#### [Records]
··········

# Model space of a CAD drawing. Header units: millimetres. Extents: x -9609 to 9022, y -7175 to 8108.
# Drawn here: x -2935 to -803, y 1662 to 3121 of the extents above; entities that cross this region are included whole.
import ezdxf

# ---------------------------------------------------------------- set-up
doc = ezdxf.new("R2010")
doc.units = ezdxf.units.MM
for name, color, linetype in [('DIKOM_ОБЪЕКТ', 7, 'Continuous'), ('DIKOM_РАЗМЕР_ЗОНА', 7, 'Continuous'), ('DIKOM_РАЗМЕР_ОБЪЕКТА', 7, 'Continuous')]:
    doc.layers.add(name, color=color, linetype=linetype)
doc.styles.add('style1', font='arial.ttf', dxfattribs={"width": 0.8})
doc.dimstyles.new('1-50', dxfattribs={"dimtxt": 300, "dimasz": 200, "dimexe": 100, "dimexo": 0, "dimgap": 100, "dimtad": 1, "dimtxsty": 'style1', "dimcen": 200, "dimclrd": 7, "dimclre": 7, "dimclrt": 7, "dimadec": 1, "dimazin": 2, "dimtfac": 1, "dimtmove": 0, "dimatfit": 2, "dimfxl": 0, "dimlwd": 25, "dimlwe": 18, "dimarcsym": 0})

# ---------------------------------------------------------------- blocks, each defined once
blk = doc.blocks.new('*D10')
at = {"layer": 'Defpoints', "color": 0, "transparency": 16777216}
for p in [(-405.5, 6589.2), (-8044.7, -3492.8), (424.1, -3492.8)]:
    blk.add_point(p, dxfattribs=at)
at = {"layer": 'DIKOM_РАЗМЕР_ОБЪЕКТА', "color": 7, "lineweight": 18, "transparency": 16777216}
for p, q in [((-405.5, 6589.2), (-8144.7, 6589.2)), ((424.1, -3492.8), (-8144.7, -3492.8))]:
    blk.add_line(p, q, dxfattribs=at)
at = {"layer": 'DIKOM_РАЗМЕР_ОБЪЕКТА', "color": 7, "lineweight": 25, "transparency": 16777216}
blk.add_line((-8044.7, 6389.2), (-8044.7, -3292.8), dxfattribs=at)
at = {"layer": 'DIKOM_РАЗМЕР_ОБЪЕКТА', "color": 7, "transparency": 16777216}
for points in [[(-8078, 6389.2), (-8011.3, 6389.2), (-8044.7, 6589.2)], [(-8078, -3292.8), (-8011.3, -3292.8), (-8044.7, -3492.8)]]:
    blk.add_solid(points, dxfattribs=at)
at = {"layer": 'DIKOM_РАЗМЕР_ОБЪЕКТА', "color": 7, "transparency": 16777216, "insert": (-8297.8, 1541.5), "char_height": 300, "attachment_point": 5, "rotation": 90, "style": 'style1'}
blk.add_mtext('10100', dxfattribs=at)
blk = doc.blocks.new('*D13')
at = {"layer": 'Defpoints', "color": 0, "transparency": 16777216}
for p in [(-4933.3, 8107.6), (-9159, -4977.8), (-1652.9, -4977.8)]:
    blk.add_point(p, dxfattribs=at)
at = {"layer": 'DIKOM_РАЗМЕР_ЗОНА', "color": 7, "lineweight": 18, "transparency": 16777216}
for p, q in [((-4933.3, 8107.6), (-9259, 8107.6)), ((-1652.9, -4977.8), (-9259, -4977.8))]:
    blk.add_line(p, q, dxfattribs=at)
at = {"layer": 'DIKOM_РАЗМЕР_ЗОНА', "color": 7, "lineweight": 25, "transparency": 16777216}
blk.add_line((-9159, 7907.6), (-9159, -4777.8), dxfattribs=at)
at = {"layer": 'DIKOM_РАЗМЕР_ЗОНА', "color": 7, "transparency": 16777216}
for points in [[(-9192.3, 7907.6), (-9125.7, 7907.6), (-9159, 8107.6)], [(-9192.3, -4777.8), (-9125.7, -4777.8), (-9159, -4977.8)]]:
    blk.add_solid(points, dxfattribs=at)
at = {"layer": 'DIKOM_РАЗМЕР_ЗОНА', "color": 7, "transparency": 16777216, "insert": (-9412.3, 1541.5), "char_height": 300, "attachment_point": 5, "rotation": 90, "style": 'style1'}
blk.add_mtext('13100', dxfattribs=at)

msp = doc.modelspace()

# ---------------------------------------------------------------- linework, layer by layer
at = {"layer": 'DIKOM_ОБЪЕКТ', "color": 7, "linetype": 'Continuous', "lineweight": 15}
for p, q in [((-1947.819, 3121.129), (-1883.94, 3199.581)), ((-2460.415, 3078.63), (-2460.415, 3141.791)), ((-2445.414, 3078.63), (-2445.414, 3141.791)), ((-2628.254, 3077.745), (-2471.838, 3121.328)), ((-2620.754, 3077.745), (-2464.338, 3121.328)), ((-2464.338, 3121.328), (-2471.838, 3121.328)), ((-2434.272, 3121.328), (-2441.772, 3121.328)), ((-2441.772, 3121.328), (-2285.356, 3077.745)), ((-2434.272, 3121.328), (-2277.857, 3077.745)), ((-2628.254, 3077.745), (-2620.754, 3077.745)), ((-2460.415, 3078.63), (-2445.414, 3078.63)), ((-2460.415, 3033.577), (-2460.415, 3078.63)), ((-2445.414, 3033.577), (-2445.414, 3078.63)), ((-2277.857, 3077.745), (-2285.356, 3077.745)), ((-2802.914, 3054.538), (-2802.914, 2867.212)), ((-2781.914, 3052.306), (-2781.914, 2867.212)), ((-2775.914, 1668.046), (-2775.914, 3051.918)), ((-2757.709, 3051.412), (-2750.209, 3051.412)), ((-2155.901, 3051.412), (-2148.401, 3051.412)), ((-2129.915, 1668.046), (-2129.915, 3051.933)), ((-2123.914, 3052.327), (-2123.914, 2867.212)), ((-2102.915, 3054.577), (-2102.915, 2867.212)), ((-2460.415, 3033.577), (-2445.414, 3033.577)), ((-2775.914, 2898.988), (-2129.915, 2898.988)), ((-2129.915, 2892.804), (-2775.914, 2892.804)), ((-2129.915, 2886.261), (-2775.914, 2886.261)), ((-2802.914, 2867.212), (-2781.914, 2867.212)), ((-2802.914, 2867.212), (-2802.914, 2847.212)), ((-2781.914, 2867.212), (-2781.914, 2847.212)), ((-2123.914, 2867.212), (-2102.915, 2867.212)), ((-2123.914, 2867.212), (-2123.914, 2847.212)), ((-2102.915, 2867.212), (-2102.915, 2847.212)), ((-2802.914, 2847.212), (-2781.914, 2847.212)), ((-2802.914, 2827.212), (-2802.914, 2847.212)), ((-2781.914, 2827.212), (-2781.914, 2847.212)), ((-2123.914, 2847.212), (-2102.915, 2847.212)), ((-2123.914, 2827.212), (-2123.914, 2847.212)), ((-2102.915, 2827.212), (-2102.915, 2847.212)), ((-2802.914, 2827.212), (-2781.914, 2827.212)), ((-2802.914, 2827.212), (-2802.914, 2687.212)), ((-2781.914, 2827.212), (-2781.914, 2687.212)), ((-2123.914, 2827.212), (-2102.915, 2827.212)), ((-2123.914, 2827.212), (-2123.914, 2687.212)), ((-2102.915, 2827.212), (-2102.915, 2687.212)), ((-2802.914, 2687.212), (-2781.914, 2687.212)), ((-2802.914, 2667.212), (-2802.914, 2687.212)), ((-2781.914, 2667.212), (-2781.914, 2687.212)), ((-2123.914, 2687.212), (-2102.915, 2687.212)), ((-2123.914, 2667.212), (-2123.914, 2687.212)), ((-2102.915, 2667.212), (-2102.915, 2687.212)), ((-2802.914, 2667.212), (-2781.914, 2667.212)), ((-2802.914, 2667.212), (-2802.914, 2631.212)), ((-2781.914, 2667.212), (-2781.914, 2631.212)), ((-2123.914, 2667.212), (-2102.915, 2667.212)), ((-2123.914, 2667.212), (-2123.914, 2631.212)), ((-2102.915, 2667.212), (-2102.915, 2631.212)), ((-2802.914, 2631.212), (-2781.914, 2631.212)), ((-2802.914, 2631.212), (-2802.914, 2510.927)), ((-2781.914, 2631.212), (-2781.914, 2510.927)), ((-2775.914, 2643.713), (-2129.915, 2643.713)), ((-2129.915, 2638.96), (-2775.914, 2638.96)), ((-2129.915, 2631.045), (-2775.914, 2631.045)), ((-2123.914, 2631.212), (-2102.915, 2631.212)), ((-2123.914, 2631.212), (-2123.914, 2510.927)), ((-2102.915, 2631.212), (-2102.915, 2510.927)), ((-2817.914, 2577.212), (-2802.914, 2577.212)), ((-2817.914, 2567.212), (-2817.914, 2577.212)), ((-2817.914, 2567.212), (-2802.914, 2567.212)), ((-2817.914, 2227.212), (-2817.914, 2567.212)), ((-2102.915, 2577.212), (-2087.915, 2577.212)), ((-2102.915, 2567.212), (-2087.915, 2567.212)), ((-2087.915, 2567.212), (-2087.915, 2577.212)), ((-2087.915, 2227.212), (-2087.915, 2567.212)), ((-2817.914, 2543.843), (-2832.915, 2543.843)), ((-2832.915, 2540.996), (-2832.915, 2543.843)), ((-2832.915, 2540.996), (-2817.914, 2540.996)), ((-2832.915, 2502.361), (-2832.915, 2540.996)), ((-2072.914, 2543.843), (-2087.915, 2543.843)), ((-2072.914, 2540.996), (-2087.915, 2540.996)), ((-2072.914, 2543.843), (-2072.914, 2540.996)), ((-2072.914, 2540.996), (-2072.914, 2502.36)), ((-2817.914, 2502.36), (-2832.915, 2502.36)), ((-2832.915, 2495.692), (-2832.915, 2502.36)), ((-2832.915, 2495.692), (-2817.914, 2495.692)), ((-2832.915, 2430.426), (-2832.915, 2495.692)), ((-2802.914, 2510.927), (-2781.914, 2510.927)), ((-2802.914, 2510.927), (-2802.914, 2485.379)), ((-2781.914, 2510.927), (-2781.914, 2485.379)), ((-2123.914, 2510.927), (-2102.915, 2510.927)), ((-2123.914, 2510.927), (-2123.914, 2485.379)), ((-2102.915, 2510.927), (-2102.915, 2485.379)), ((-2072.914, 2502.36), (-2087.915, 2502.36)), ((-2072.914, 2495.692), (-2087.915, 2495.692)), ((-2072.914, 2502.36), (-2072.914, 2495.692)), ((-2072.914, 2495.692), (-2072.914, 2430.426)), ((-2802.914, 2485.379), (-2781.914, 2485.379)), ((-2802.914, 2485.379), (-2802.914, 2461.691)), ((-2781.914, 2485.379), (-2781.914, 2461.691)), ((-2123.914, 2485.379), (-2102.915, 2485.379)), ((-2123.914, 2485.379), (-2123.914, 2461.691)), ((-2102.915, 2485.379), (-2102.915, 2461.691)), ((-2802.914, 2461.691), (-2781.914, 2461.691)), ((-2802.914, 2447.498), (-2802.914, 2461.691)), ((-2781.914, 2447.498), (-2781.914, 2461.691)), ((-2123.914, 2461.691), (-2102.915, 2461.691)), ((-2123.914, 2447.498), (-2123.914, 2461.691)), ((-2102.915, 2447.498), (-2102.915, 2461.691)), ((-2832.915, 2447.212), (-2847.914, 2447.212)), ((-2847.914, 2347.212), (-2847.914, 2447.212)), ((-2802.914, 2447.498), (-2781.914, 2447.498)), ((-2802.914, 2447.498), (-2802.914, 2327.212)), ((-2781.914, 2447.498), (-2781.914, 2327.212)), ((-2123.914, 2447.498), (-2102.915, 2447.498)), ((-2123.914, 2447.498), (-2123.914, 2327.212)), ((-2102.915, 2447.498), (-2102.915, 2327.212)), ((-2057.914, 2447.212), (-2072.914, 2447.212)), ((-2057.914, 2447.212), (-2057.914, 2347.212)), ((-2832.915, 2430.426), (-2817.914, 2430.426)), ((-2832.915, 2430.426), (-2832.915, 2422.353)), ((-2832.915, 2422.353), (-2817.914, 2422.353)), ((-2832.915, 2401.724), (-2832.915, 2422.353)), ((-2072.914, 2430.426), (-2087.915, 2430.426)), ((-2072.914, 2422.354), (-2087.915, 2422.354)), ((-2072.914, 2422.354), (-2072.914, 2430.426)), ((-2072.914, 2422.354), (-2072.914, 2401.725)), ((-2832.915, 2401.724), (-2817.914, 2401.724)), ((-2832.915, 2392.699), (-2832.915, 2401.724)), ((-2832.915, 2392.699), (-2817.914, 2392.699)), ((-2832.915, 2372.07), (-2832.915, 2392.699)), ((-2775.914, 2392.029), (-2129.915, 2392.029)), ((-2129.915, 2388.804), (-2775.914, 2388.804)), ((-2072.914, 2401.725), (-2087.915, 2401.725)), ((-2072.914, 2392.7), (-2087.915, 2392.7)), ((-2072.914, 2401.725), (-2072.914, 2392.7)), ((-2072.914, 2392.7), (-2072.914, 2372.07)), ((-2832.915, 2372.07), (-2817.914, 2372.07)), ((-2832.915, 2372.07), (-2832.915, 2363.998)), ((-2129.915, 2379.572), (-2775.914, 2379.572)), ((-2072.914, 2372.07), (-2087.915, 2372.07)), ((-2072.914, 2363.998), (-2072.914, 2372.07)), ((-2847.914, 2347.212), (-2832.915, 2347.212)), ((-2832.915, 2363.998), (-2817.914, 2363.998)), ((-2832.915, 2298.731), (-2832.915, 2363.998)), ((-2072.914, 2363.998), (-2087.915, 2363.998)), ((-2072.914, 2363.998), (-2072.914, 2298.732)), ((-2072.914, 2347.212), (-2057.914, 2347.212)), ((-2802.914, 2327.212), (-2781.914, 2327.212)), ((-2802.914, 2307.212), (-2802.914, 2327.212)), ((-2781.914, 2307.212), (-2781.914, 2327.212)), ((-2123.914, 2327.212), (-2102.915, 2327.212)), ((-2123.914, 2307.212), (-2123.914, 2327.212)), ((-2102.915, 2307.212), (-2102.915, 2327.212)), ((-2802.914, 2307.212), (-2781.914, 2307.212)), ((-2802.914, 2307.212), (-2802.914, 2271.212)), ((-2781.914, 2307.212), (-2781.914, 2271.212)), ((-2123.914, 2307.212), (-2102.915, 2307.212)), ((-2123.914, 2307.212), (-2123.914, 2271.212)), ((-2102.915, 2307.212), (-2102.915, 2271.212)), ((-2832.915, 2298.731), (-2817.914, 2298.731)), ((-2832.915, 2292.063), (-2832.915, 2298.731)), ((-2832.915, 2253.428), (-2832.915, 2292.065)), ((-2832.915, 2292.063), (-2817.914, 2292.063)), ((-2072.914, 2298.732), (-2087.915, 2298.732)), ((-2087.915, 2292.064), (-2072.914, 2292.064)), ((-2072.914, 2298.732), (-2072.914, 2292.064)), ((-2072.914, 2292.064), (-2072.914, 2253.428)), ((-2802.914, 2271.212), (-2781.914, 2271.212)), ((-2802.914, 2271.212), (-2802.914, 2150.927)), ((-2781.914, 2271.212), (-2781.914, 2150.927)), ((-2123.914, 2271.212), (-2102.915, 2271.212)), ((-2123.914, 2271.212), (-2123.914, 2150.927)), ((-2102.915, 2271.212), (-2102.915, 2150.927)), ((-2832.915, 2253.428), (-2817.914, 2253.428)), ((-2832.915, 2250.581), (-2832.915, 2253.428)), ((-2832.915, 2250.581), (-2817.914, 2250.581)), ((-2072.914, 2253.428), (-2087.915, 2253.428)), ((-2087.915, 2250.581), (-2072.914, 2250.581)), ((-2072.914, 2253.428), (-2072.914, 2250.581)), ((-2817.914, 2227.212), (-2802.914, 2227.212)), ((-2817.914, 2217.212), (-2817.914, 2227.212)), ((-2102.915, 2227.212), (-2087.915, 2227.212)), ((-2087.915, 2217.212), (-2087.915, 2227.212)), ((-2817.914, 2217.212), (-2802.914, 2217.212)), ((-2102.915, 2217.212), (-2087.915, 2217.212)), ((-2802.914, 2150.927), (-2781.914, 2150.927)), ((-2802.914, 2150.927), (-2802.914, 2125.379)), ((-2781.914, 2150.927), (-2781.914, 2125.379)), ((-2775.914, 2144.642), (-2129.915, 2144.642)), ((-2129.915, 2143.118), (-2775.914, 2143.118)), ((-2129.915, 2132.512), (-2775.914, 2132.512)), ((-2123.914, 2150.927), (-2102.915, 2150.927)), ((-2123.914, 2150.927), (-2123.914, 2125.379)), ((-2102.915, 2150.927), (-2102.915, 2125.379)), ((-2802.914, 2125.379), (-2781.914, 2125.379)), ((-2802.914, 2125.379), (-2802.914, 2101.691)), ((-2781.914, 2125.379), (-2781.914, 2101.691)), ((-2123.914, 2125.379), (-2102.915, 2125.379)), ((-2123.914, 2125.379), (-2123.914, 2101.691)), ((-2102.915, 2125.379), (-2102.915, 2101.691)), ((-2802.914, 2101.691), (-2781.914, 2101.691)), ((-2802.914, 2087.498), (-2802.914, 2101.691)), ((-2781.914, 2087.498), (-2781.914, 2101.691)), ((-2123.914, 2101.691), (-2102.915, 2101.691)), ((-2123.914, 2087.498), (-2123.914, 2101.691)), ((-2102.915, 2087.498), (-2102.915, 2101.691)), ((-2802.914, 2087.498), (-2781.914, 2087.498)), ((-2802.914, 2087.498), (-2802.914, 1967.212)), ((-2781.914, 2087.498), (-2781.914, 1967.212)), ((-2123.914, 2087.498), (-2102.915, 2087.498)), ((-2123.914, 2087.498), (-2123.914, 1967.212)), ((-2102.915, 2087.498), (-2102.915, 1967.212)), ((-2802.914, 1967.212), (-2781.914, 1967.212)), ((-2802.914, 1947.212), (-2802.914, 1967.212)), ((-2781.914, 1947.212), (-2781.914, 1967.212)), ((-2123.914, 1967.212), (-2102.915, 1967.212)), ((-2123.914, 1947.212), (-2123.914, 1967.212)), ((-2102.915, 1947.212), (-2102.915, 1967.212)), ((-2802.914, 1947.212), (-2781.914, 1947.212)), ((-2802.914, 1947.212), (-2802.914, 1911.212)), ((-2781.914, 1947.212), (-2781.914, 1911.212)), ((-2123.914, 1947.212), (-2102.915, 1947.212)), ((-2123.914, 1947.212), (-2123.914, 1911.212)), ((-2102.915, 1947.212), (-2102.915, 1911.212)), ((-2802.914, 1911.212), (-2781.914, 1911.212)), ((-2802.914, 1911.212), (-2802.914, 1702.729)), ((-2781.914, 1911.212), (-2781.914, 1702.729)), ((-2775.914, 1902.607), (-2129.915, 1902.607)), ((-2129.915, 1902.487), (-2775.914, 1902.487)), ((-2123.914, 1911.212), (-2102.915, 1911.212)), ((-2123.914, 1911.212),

··········

Show every line of the data in which the word "lineweight" appears.

#### [Response area]
at = {"layer": 'DIKOM_РАЗМЕР_ОБЪЕКТА', "color": 7, "lineweight": 18, "transparency": 16777216}
at = {"layer": 'DIKOM_РАЗМЕР_ОБЪЕКТА', "color": 7, "lineweight": 25, "transparency": 16777216}
at = {"layer": 'DIKOM_РАЗМЕР_ЗОНА', "color": 7, "lineweight": 18, "transparency": 16777216}
at = {"layer": 'DIKOM_РАЗМЕР_ЗОНА', "color": 7, "lineweight": 25, "transparency": 16777216}
at = {"layer": 'DIKOM_ОБЪЕКТ', "color": 7, "linetype": 'Continuous', "lineweight": 15}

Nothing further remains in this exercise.